I have, thousands of them.. That's how I found what is best.
Special thanks to Cicero, Augustine, Hildegard of Bingen. Julian of Norwich, Luther , Tolstoy ,Kodaly and Andre Previn.
The greatest of the Romans and one of THE wisest humans who ever lived, Cicero, said;

"Not to know what has transpired in former times is to be always a child."

Children are easier to control than adults which is why History is both the sine qua non of an educated person AND the worst taught subject in the USA.

Even as a former history teacher and avid reader of same for over 60 years, I never quite realized until this post how my mind automatically put me into the milieu of music heard, from the Renaissance Italy of Frescobaldi , the England of Purcell and Byrd, to the Biedermeyer Vienna of Beethoven and Schubert , the Bismarkian Germany of Brahms or the dismembered Hungary of Bartok etc etc etc.

What Frogman says about the general public not grasping the difficulty of performance is of course true, but I would say same is readily apparent to any serious classical listener.
IMO the not really liking to perform has more to do with the cognitive dissonance generated by living in a culture radically different than the one the works you play were created in and for. And two semesters of Music History at any conservatory or university won't change that.

Even more true of the audience for Classical Music.
You would have to be dead to go to a thousand Classical concerts and not grasp how hard it is for and on a performer.
Any human can grasp anything human if they wish to expand the time and effort of mind and heart to do so. As Blake said, "the world in a grain of sand" .

I've done 50 mile forced marches carrying 70 pounds packs and a ten pound rifle in 100 degree temperatures and poured
an inch of blood out of my boots at the end . Thats hard.
I do not doubt you can grasp that just from that sentence.

When I said 2 semesters of Music History ,I really wanted to say 24 Semesters .

I totally disagree with you and Ellington, IMO Classical Music
is the absolute apex of Western Civilization and no other genre can begin to approach the greatness of something like Bach's Mass in B Minor.

I may have to move to Japan where they agree with me.
Coming from my perspective, that of a Christian, the best is that which leads you closer to the divine reality in a manner that makes you profoundly grateful that God inspired the great soul who created it ,and that you got to hear it and were lead closer to him by it.
Bach's Cantatas being the a prime example.
In the case of the very greatest composers of religious music, like Bach or Monteverdi, it seems as if God infused them rather than inspired them.

There has NEVER been a good war or a bad peace.
The USA has never been in a war that could not have been prevented.
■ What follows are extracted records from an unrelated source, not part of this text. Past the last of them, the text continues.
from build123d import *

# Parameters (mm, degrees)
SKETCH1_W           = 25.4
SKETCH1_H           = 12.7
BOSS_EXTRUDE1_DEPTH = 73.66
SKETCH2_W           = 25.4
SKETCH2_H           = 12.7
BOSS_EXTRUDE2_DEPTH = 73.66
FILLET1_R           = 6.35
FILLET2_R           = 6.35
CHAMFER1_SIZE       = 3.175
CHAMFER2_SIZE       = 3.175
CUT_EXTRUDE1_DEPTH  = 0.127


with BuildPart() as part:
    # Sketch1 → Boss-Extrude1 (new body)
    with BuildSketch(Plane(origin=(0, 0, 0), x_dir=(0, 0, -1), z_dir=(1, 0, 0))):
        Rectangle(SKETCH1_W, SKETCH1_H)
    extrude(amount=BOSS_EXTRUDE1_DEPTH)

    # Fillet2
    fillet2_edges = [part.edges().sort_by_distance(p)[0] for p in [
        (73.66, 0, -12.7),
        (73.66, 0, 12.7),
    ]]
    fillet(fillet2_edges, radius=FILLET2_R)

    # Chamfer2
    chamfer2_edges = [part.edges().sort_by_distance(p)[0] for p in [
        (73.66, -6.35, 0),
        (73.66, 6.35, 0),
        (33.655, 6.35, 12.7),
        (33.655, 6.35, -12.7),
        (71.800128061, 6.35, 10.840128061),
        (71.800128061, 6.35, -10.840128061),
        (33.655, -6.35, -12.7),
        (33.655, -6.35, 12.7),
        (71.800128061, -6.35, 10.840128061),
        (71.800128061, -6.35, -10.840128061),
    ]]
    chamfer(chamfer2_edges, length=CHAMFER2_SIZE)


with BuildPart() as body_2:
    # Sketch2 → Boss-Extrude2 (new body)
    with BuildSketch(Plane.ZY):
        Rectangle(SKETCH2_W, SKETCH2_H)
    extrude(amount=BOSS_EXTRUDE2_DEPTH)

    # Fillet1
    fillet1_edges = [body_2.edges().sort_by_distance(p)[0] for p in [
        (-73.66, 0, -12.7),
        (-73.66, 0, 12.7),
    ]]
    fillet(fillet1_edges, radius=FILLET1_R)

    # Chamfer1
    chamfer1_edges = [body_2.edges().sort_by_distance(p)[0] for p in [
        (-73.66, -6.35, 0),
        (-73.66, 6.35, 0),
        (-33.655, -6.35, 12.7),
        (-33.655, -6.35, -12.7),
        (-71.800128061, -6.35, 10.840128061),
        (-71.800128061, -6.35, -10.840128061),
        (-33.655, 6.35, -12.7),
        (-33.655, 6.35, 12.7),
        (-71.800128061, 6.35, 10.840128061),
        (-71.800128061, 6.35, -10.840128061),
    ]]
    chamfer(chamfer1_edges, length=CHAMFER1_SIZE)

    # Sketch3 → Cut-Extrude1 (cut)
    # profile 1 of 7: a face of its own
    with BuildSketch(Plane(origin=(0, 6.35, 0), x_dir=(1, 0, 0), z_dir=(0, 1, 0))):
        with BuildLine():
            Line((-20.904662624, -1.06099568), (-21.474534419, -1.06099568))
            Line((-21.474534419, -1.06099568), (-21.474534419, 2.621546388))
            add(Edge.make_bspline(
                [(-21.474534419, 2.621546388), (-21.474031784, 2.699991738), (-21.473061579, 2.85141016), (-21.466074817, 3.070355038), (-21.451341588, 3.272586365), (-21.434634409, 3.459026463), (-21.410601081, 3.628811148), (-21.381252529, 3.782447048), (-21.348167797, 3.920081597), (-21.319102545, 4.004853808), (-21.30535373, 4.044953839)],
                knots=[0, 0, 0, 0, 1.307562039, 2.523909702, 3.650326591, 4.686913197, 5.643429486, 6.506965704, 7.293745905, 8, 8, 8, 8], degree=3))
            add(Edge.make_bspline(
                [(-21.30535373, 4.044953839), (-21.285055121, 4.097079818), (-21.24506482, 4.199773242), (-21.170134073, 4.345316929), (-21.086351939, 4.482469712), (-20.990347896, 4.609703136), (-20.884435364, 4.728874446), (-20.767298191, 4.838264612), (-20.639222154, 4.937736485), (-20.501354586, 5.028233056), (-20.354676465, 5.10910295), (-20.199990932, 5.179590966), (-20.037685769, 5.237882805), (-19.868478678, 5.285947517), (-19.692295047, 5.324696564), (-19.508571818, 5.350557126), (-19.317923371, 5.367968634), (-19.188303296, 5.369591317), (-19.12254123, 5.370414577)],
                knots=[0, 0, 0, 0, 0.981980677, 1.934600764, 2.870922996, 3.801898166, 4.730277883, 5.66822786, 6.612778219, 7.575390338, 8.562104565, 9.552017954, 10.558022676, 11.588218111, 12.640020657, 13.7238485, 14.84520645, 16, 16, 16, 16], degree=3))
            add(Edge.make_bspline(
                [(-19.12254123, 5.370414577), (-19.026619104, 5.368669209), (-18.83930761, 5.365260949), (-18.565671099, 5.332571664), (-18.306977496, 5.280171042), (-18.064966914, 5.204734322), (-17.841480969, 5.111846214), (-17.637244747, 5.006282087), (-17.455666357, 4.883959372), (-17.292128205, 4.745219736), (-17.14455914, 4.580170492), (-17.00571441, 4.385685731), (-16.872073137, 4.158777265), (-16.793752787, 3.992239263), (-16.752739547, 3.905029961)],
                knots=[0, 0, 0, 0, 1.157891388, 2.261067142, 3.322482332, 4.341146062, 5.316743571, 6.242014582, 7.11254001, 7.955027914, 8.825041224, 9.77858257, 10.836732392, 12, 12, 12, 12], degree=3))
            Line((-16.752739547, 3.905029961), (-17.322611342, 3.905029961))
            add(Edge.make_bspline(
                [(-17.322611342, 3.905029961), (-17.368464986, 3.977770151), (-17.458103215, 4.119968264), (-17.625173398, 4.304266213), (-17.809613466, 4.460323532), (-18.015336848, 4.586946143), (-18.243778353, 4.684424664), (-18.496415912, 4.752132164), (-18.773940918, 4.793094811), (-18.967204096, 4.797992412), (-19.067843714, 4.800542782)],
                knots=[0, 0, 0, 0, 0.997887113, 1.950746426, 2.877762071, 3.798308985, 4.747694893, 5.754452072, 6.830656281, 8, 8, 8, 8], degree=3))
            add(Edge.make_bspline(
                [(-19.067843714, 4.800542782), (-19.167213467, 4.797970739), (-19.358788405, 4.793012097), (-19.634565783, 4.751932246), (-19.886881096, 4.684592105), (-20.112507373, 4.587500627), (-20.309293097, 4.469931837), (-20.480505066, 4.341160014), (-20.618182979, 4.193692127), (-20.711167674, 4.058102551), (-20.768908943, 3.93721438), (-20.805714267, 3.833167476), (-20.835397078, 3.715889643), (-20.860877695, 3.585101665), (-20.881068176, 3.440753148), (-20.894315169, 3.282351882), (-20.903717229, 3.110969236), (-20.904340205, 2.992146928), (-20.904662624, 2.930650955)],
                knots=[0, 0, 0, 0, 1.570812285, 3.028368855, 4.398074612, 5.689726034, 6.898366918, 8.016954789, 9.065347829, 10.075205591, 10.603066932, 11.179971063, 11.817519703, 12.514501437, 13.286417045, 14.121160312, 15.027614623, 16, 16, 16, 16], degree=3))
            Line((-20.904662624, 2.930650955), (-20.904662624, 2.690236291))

God is not pleased that anyone is a soldier.
If you haven't killed anyone personally, don't bother to correct me on this point.
Walk before you run?
Ain't going to win many races starting from a swamp.

Germany, like the USA, has no shortage of ignorant people.
If I ask the recovering addict, 8th grade drop-out painting
my room in WI if he listens to Beethoven the reply likely will be, I don't listen to that crap.
If I ask the 8th grade drop-out recovering addict in Germany painting my room ,who knows no more about LvB than his american counterpart, the reply will likely be ahh, Beethoven , a great man.
Makes a LOT of difference.
Photon,
There is nothing good about being a soldier, I used that example only to say we all can relate to things difficult as a basic trait of our humanity.
My sole point is that relativism is dry rot of the mind and soul.
Some things are better than other things, you do not have to like the best, or support the best ,but you need to know it is the best.

James Brown IS dumbing down .So is Van the man, though I listen to "Brown Eyed Girl" at times for reasons best not described on here, I'm aware its appealing to my baser side.
Got to love all these old testament quoters who seen oblivious
that Jesus came and died so that, among other things, soldiers would vanish from the earth.

Not to mention the Holy Spirit hasn't been on vacation the last 2,000 years.